EXERCISE DESCRIPTION →
Using the records provided below, locate and copy each line that contains the word "mechanical".

+++ EXTRACTED INFORMATION

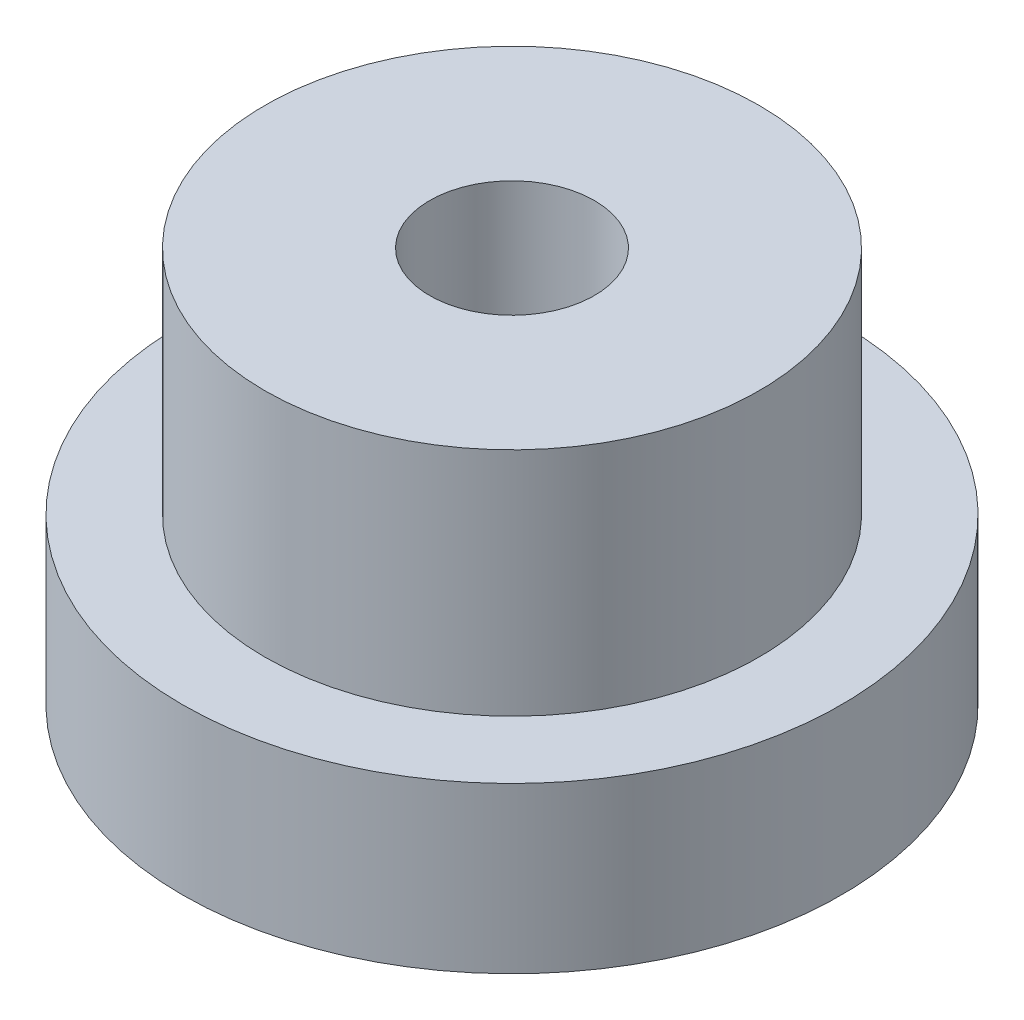
ISO-10303-21;
HEADER;
FILE_DESCRIPTION(('STEP AP214'),'2;1');
FILE_NAME('part.step','',(''),(''),'','','');
FILE_SCHEMA(('AUTOMOTIVE_DESIGN { 1 0 10303 214 1 1 1 1 }'));
ENDSEC;
DATA;
#1=APPLICATION_CONTEXT('core data for automotive mechanical design processes');
#2=APPLICATION_PROTOCOL_DEFINITION('international standard','automotive_design',2000,#1);
#3=PRODUCT_CONTEXT('',#1,'mechanical');
#4=PRODUCT('Part','Part','',(#3));
#5=PRODUCT_RELATED_PRODUCT_CATEGORY('part','',(#4));
#6=PRODUCT_DEFINITION_FORMATION('','',#4);
#7=PRODUCT_DEFINITION_CONTEXT('part definition',#1,'design');
#8=PRODUCT_DEFINITION('design','',#6,#7);
#9=PRODUCT_DEFINITION_SHAPE('','',#8);
#10=(LENGTH_UNIT() NAMED_UNIT(*) SI_UNIT(.MILLI.,.METRE.));
#11=(NAMED_UNIT(*) PLANE_ANGLE_UNIT() SI_UNIT($,.RADIAN.));
#12=(NAMED_UNIT(*) SI_UNIT($,.STERADIAN.) SOLID_ANGLE_UNIT());
#13=UNCERTAINTY_MEASURE_WITH_UNIT(LENGTH_MEASURE(1.E-05),#10,'distance_accuracy_value','');
#14=(GEOMETRIC_REPRESENTATION_CONTEXT(3) GLOBAL_UNCERTAINTY_ASSIGNED_CONTEXT((#13)) GLOBAL_UNIT_ASSIGNED_CONTEXT((#10,
#11,#12)) REPRESENTATION_CONTEXT('',''));
#15=CARTESIAN_POINT('',(0.,0.,0.));
#16=DIRECTION('',(0.,0.,1.));
#17=DIRECTION('',(1.,0.,0.));
#18=AXIS2_PLACEMENT_3D('',#15,#16,#17);
#19=CARTESIAN_POINT('',(0.,5.,0.));
#20=DIRECTION('',(0.,-1.,0.));
#21=DIRECTION('',(0.,0.,-1.));
#22=AXIS2_PLACEMENT_3D('',#19,#20,#21);
#23=CYLINDRICAL_SURFACE('',#22,10.);
#24=CARTESIAN_POINT('',(0.,5.,0.));
#25=DIRECTION('',(0.,1.,0.));
#26=DIRECTION('',(0.,0.,1.));
#27=AXIS2_PLACEMENT_3D('',#24,#25,#26);
#28=CIRCLE('',#27,10.);
#29=CARTESIAN_POINT('',(0.,5.,10.));
#30=VERTEX_POINT('',#29);
#31=EDGE_CURVE('E44',#30,#30,#28,.T.);
#32=ORIENTED_EDGE('',*,*,#31,.F.);
#33=EDGE_LOOP('',(#32));
#34=FACE_BOUND('',#33,.T.);
#35=CARTESIAN_POINT('',(0.,0.,0.));
#36=DIRECTION('',(0.,1.,0.));
#37=DIRECTION('',(0.,0.,1.));
#38=AXIS2_PLACEMENT_3D('',#35,#36,#37);
#39=CIRCLE('',#38,10.);
#40=CARTESIAN_POINT('',(0.,0.,10.));
#41=VERTEX_POINT('',#40);
#42=EDGE_CURVE('E40',#41,#41,#39,.T.);
#43=ORIENTED_EDGE('',*,*,#42,.T.);
#44=EDGE_LOOP('',(#43));
#45=FACE_BOUND('',#44,.T.);
#46=ADVANCED_FACE('F37',(#34,#45),#23,.T.);
#47=CARTESIAN_POINT('',(0.,5.,0.));
#48=DIRECTION('',(0.,1.,0.));
#49=DIRECTION('',(0.,0.,1.));
#50=AXIS2_PLACEMENT_3D('',#47,#48,#49);
#51=PLANE('',#50);
#52=CARTESIAN_POINT('',(0.,5.,0.));
#53=DIRECTION('',(0.,1.,0.));
#54=DIRECTION('',(0.,0.,1.));
#55=AXIS2_PLACEMENT_3D('',#52,#53,#54);
#56=CIRCLE('',#55,7.5);
#57=CARTESIAN_POINT('',(0.,5.,7.5));
#58=VERTEX_POINT('',#57);
#59=EDGE_CURVE('E10',#58,#58,#56,.T.);
#60=ORIENTED_EDGE('',*,*,#59,.F.);
#61=EDGE_LOOP('',(#60));
#62=FACE_BOUND('',#61,.T.);
#63=ORIENTED_EDGE('',*,*,#31,.T.);
#64=EDGE_LOOP('',(#63));
#65=FACE_BOUND('',#64,.T.);
#66=ADVANCED_FACE('F73',(#62,#65),#51,.T.);
#67=CARTESIAN_POINT('',(0.,0.,0.));
#68=DIRECTION('',(0.,1.,0.));
#69=DIRECTION('',(0.,0.,1.));
#70=AXIS2_PLACEMENT_3D('',#67,#68,#69);
#71=PLANE('',#70);
#72=CARTESIAN_POINT('',(0.,0.,0.));
#73=DIRECTION('',(0.,-1.,0.));
#74=DIRECTION('',(0.,0.,-1.));
#75=AXIS2_PLACEMENT_3D('',#72,#73,#74);
#76=CIRCLE('',#75,2.5);
#77=CARTESIAN_POINT('',(0.,0.,-2.5));
#78=VERTEX_POINT('',#77);
#79=EDGE_CURVE('E54',#78,#78,#76,.T.);
#80=ORIENTED_EDGE('',*,*,#79,.F.);
#81=EDGE_LOOP('',(#80));
#82=FACE_BOUND('',#81,.T.);
#83=ORIENTED_EDGE('',*,*,#42,.F.);
#84=EDGE_LOOP('',(#83));
#85=FACE_BOUND('',#84,.T.);
#86=ADVANCED_FACE('F69',(#82,#85),#71,.F.);
#87=CARTESIAN_POINT('',(0.,12.,0.));
#88=DIRECTION('',(0.,-1.,0.));
#89=DIRECTION('',(0.,0.,-1.));
#90=AXIS2_PLACEMENT_3D('',#87,#88,#89);
#91=CYLINDRICAL_SURFACE('',#90,7.5);
#92=CARTESIAN_POINT('',(0.,12.,0.));
#93=DIRECTION('',(0.,1.,0.));
#94=DIRECTION('',(0.,0.,1.));
#95=AXIS2_PLACEMENT_3D('',#92,#93,#94);
#96=CIRCLE('',#95,7.5);
#97=CARTESIAN_POINT('',(0.,12.,7.5));
#98=VERTEX_POINT('',#97);
#99=EDGE_CURVE('E50',#98,#98,#96,.T.);
#100=ORIENTED_EDGE('',*,*,#99,.F.);
#101=EDGE_LOOP('',(#100));
#102=FACE_BOUND('',#101,.T.);
#103=ORIENTED_EDGE('',*,*,#59,.T.);
#104=EDGE_LOOP('',(#103));
#105=FACE_BOUND('',#104,.T.);
#106=ADVANCED_FACE('F72',(#102,#105),#91,.T.);
#107=CARTESIAN_POINT('',(0.,12.,0.));
#108=DIRECTION('',(0.,1.,0.));
#109=DIRECTION('',(0.,0.,1.));
#110=AXIS2_PLACEMENT_3D('',#107,#108,#109);
#111=PLANE('',#110);
#112=CARTESIAN_POINT('',(0.,12.,0.));
#113=DIRECTION('',(0.,-1.,0.));
#114=DIRECTION('',(0.,0.,-1.));
#115=AXIS2_PLACEMENT_3D('',#112,#113,#114);
#116=CIRCLE('',#115,2.5);
#117=CARTESIAN_POINT('',(0.,12.,-2.5));
#118=VERTEX_POINT('',#117);
#119=EDGE_CURVE('E53',#118,#118,#116,.T.);
#120=ORIENTED_EDGE('',*,*,#119,.T.);
#121=EDGE_LOOP('',(#120));
#122=FACE_BOUND('',#121,.T.);
#123=ORIENTED_EDGE('',*,*,#99,.T.);
#124=EDGE_LOOP('',(#123));
#125=FACE_BOUND('',#124,.T.);
#126=ADVANCED_FACE('F60',(#122,#125),#111,.T.);
#127=CARTESIAN_POINT('',(0.,12.,0.));
#128=DIRECTION('',(0.,-1.,0.));
#129=DIRECTION('',(0.,0.,-1.));
#130=AXIS2_PLACEMENT_3D('',#127,#128,#129);
#131=CYLINDRICAL_SURFACE('',#130,2.5);
#132=ORIENTED_EDGE('',*,*,#119,.F.);
#133=EDGE_LOOP('',(#132));
#134=FACE_BOUND('',#133,.T.);
#135=ORIENTED_EDGE('',*,*,#79,.T.);
#136=EDGE_LOOP('',(#135));
#137=FACE_BOUND('',#136,.T.);
#138=ADVANCED_FACE('F63',(#134,#137),#131,.F.);
#139=CLOSED_SHELL('',(#46,#66,#86,#106,#126,#138));
#140=MANIFOLD_SOLID_BREP('B2',#139);
#141=ADVANCED_BREP_SHAPE_REPRESENTATION('',(#18,#140),#14);
#142=SHAPE_DEFINITION_REPRESENTATION(#9,#141);
ENDSEC;
END-ISO-10303-21;

++++++

WRITTEN ANSWER →
#1=APPLICATION_CONTEXT('core data for automotive mechanical design processes');
#3=PRODUCT_CONTEXT('',#1,'mechanical');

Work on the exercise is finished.